TASK DIRECTIONS: How many lines of these entries hold the string "blind"? Reply with the number alone.

Source data:
^^^^^^^^

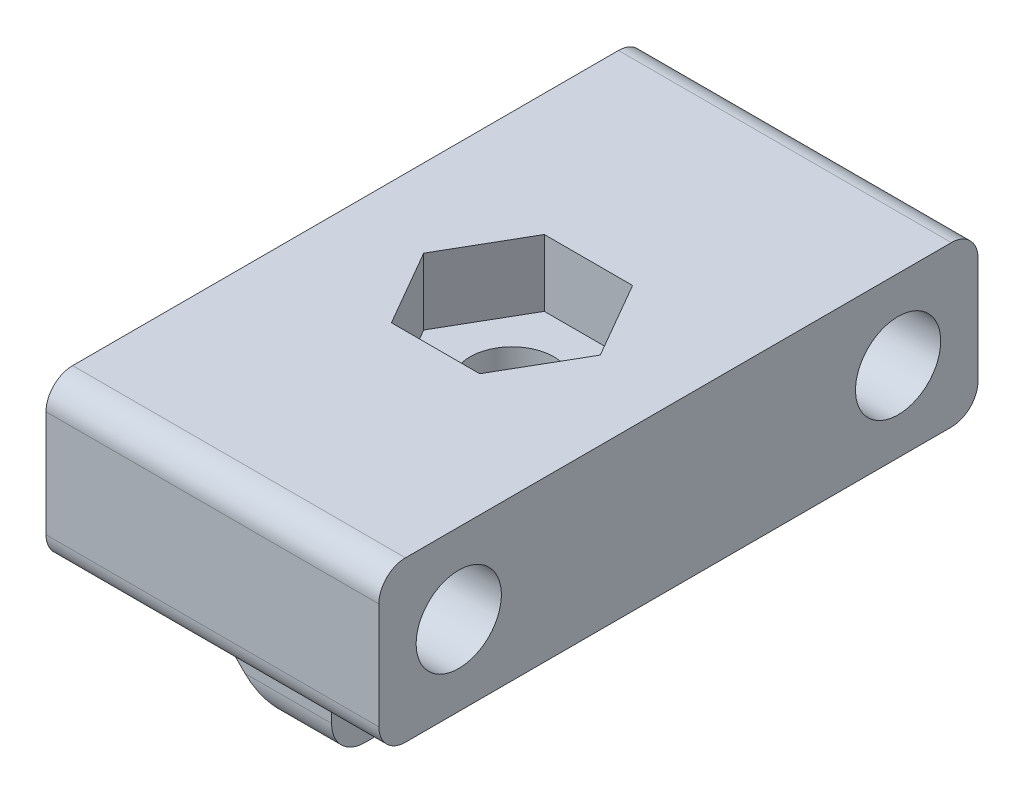
SolidWorks part; units mm, degrees
ref_plane "Front" through (0, 0, 0) normal (0, 0, 1) x (1, 0, 0)
ref_plane "Top" through (0, 0, 0) normal (0, 1, 0) x (1, 0, 0)
ref_plane "Right" through (0, 0, 0) normal (1, 0, 0) x (0, 0, -1)
sketch "Sketch1" plane through (0, 0, 0) normal (0, 1, 0) x (1, 0, 0)
  line L1 (12.5, -22.5) -> (-12.5, -22.5)
  line L2 (12.5, -22.5) -> (12.5, 22.5)
  line L3 (12.5, 22.5) -> (-12.5, 22.5)
  line L4 (-12.5, -22.5) -> (-12.5, 22.5)
  line L5 (12.5, -22.5) -> (-12.5, 22.5) construction
  line L6 (12.5, 22.5) -> (-12.5, -22.5) construction
  point P0 (0, 0)
  dimension "D1" = 45
  dimension "D2" = 25
extrude "Boss-Extrude1" add sketch "Sketch1" along normal blind 12
sketch "Sketch2" plane through (0, 12, 0) normal (0, 1, 0) x (1, 0, 0)
  line L1 (3.315, -5.7417) -> (6.63, 0)
  line L2 (6.63, 0) -> (3.315, 5.7417)
  line L3 (3.315, 5.7417) -> (-3.315, 5.7417)
  line L4 (-3.315, 5.7417) -> (-6.63, 0)
  line L5 (-6.63, 0) -> (-3.315, -5.7417)
  line L6 (-3.315, -5.7417) -> (3.315, -5.7417)
  circle A0 centre (0, 0) radius 5.7417 construction
  dimension "D1" = 6.63
extrude "Cut-Extrude1" cut sketch "Sketch2" against normal blind 5
sketch "Sketch3" plane through (0, 7, 0) normal (0, 1, 0) x (1, 0, 0)
  circle A0 centre (0, 0) radius 3.15
  dimension "D1" = 6.3
extrude "Cut-Extrude2" cut sketch "Sketch3" against normal through all
sketch "Sketch8" plane through (-12.5, 0, 0) normal (-1, 0, 0) x (0, 0, 1)
  line L0 (22.5, 12) -> (22.5, 0) construction
  circle A0 centre (16.5, 6) radius 3.2
  dimension "D1" = 6.4
  dimension "D2" = 6
extrude "Cut-Extrude5" cut sketch "Sketch8" against normal through all contours A0
mirror "Mirror1" about plane through (0, 0, 0) normal (0, 0, 1) of "Cut-Extrude5"
fillet "Fillet1" radius 2 4 edges at (0, 12, 22.5) (0, 0, 22.5) (0, 0, -22.5) (0, 12, -22.5)
sketch "Sketch10" plane through (0, 0, 0) normal (0, -1, 0) x (-1, 0, 0)
  line L1 (-5, -18.5499) -> (5, -18.5499)
  line L2 (-5, -18.5499) -> (-5, 18.5499)
  line L3 (-5, 18.5499) -> (5, 18.5499)
  line L4 (5, -18.5499) -> (5, 18.5499)
  line L5 (-5, -18.5499) -> (5, 18.5499) construction
  line L6 (-5, 18.5499) -> (5, -18.5499) construction
  line L7 (-5, 30.7042) -> (-5, 42.1799) construction
  point P0 (0, 0)
extrude "Boss-Extrude2" add sketch "Sketch10" along normal blind 6
chamfer "Chamfer1" distance 6 angle 45 1 edges at (-5, -6, 0)
fillet "Fillet2" radius 2.5 2 edges at (3, -6, -18.5499) (3, -6, 18.5499)
fillet "Fillet3" radius 1 2 edges at (0, 0, -18.5499) (0, 0, 18.5499)
sketch "Sketch12" plane through (0, 0, 0) normal (0, 1, 0) x (1, 0, 0)
  circle A0 centre (0, 0) radius 3.15
extrude "Cut-Extrude6" cut sketch "Sketch12" against normal blind 6

^^^^^^^^

OUTPUT FOR THIS TASK: 4